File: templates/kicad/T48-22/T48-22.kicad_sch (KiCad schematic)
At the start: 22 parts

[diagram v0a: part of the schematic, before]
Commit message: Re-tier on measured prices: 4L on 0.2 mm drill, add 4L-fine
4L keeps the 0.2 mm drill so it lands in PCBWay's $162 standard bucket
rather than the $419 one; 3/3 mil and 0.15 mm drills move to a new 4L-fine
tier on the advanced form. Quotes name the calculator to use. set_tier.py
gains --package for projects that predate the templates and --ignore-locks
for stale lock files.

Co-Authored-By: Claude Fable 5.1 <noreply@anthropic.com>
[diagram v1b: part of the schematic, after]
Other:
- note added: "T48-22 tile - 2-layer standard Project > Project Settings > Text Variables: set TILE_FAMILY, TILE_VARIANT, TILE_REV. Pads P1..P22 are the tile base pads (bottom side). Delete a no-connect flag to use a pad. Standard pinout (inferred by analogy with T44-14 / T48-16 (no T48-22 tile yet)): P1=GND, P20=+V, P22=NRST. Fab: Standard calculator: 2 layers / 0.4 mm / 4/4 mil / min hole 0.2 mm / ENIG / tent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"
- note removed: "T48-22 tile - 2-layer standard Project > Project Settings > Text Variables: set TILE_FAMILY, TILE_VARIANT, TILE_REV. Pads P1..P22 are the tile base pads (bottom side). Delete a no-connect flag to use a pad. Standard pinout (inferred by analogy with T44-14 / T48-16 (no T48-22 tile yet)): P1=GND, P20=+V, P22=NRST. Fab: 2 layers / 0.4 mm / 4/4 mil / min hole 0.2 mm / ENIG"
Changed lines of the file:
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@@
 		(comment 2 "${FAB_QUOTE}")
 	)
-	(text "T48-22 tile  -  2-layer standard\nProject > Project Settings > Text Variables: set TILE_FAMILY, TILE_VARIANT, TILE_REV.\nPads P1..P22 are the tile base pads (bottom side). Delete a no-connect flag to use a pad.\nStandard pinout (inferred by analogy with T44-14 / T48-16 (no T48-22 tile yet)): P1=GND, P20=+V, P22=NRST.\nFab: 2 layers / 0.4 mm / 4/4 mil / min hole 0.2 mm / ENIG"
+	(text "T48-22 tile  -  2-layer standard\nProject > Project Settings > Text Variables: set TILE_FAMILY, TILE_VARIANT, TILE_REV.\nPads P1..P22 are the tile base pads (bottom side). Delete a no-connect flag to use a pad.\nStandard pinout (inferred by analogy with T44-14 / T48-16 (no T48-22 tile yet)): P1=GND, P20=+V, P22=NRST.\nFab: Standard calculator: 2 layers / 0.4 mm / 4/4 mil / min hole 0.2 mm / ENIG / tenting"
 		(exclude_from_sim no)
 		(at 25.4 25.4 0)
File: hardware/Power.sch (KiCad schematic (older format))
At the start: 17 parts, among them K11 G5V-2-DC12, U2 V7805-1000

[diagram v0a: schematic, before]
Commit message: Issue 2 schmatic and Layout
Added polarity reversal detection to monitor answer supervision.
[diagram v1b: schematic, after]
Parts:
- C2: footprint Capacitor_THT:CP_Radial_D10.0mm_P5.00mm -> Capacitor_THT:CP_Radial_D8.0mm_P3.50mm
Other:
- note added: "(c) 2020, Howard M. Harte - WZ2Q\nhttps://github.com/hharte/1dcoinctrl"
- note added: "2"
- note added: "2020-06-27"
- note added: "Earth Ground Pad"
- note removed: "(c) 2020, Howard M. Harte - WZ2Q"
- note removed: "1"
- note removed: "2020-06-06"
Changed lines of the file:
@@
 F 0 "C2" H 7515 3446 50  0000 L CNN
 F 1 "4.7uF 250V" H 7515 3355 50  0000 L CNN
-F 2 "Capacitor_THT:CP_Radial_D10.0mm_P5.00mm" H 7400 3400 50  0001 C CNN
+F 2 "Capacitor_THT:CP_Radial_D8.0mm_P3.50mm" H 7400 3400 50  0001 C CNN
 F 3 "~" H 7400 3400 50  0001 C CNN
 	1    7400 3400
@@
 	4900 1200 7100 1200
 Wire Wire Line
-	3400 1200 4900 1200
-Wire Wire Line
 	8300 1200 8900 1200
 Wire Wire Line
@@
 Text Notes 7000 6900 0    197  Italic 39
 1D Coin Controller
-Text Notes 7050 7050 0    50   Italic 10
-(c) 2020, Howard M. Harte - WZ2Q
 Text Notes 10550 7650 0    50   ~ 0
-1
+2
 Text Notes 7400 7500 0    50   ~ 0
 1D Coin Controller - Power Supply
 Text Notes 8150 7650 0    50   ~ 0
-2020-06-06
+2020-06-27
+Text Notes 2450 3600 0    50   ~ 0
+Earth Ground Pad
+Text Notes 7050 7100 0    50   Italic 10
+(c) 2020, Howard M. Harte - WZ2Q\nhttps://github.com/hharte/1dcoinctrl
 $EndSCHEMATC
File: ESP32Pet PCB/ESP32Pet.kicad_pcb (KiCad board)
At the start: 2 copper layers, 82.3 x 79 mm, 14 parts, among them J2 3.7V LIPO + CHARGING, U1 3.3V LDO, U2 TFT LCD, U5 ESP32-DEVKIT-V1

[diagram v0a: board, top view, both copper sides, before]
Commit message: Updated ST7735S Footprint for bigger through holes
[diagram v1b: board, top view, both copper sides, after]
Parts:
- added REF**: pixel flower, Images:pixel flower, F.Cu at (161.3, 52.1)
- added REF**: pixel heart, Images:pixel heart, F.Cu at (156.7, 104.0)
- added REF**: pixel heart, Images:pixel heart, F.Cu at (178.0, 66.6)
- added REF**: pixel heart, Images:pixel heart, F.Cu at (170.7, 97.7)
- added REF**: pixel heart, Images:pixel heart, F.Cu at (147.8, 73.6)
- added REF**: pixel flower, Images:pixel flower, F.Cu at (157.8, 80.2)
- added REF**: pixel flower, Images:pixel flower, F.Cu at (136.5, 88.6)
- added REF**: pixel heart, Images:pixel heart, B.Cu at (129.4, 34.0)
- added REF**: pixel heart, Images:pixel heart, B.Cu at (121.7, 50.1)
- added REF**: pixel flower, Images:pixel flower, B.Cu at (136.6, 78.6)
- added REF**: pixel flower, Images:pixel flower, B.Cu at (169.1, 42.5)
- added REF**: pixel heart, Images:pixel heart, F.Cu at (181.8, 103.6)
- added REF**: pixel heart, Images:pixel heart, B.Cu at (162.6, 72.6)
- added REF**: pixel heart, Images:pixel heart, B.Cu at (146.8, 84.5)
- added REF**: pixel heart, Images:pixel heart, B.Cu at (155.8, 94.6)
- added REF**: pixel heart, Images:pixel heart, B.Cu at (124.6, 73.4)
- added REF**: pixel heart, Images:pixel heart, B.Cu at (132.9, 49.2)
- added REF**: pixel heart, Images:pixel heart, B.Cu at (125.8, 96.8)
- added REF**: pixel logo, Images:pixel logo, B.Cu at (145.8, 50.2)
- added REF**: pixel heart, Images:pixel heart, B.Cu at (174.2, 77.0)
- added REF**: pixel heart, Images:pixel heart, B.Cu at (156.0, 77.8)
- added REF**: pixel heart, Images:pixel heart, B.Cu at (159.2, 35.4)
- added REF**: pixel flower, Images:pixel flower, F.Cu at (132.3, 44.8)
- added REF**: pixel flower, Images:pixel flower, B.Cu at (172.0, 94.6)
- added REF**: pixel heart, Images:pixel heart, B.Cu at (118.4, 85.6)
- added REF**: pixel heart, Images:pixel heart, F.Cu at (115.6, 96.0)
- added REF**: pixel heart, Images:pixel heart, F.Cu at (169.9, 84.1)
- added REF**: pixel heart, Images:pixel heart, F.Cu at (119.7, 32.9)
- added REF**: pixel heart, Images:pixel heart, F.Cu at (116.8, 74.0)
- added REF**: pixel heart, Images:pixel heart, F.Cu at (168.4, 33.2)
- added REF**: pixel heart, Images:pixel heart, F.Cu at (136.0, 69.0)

**Task goal**
Your task is to retype the entries verbatim, starting with the line that holds "at (156.7, 104.0)" and stopping after the line that holds "at (136.5, 88.6)".

**Written response**
- added REF**: pixel heart, Images:pixel heart, F.Cu at (156.7, 104.0)
- added REF**: pixel heart, Images:pixel heart, F.Cu at (178.0, 66.6)
- added REF**: pixel heart, Images:pixel heart, F.Cu at (170.7, 97.7)
- added REF**: pixel heart, Images:pixel heart, F.Cu at (147.8, 73.6)
- added REF**: pixel flower, Images:pixel flower, F.Cu at (157.8, 80.2)
- added REF**: pixel flower, Images:pixel flower, F.Cu at (136.5, 88.6)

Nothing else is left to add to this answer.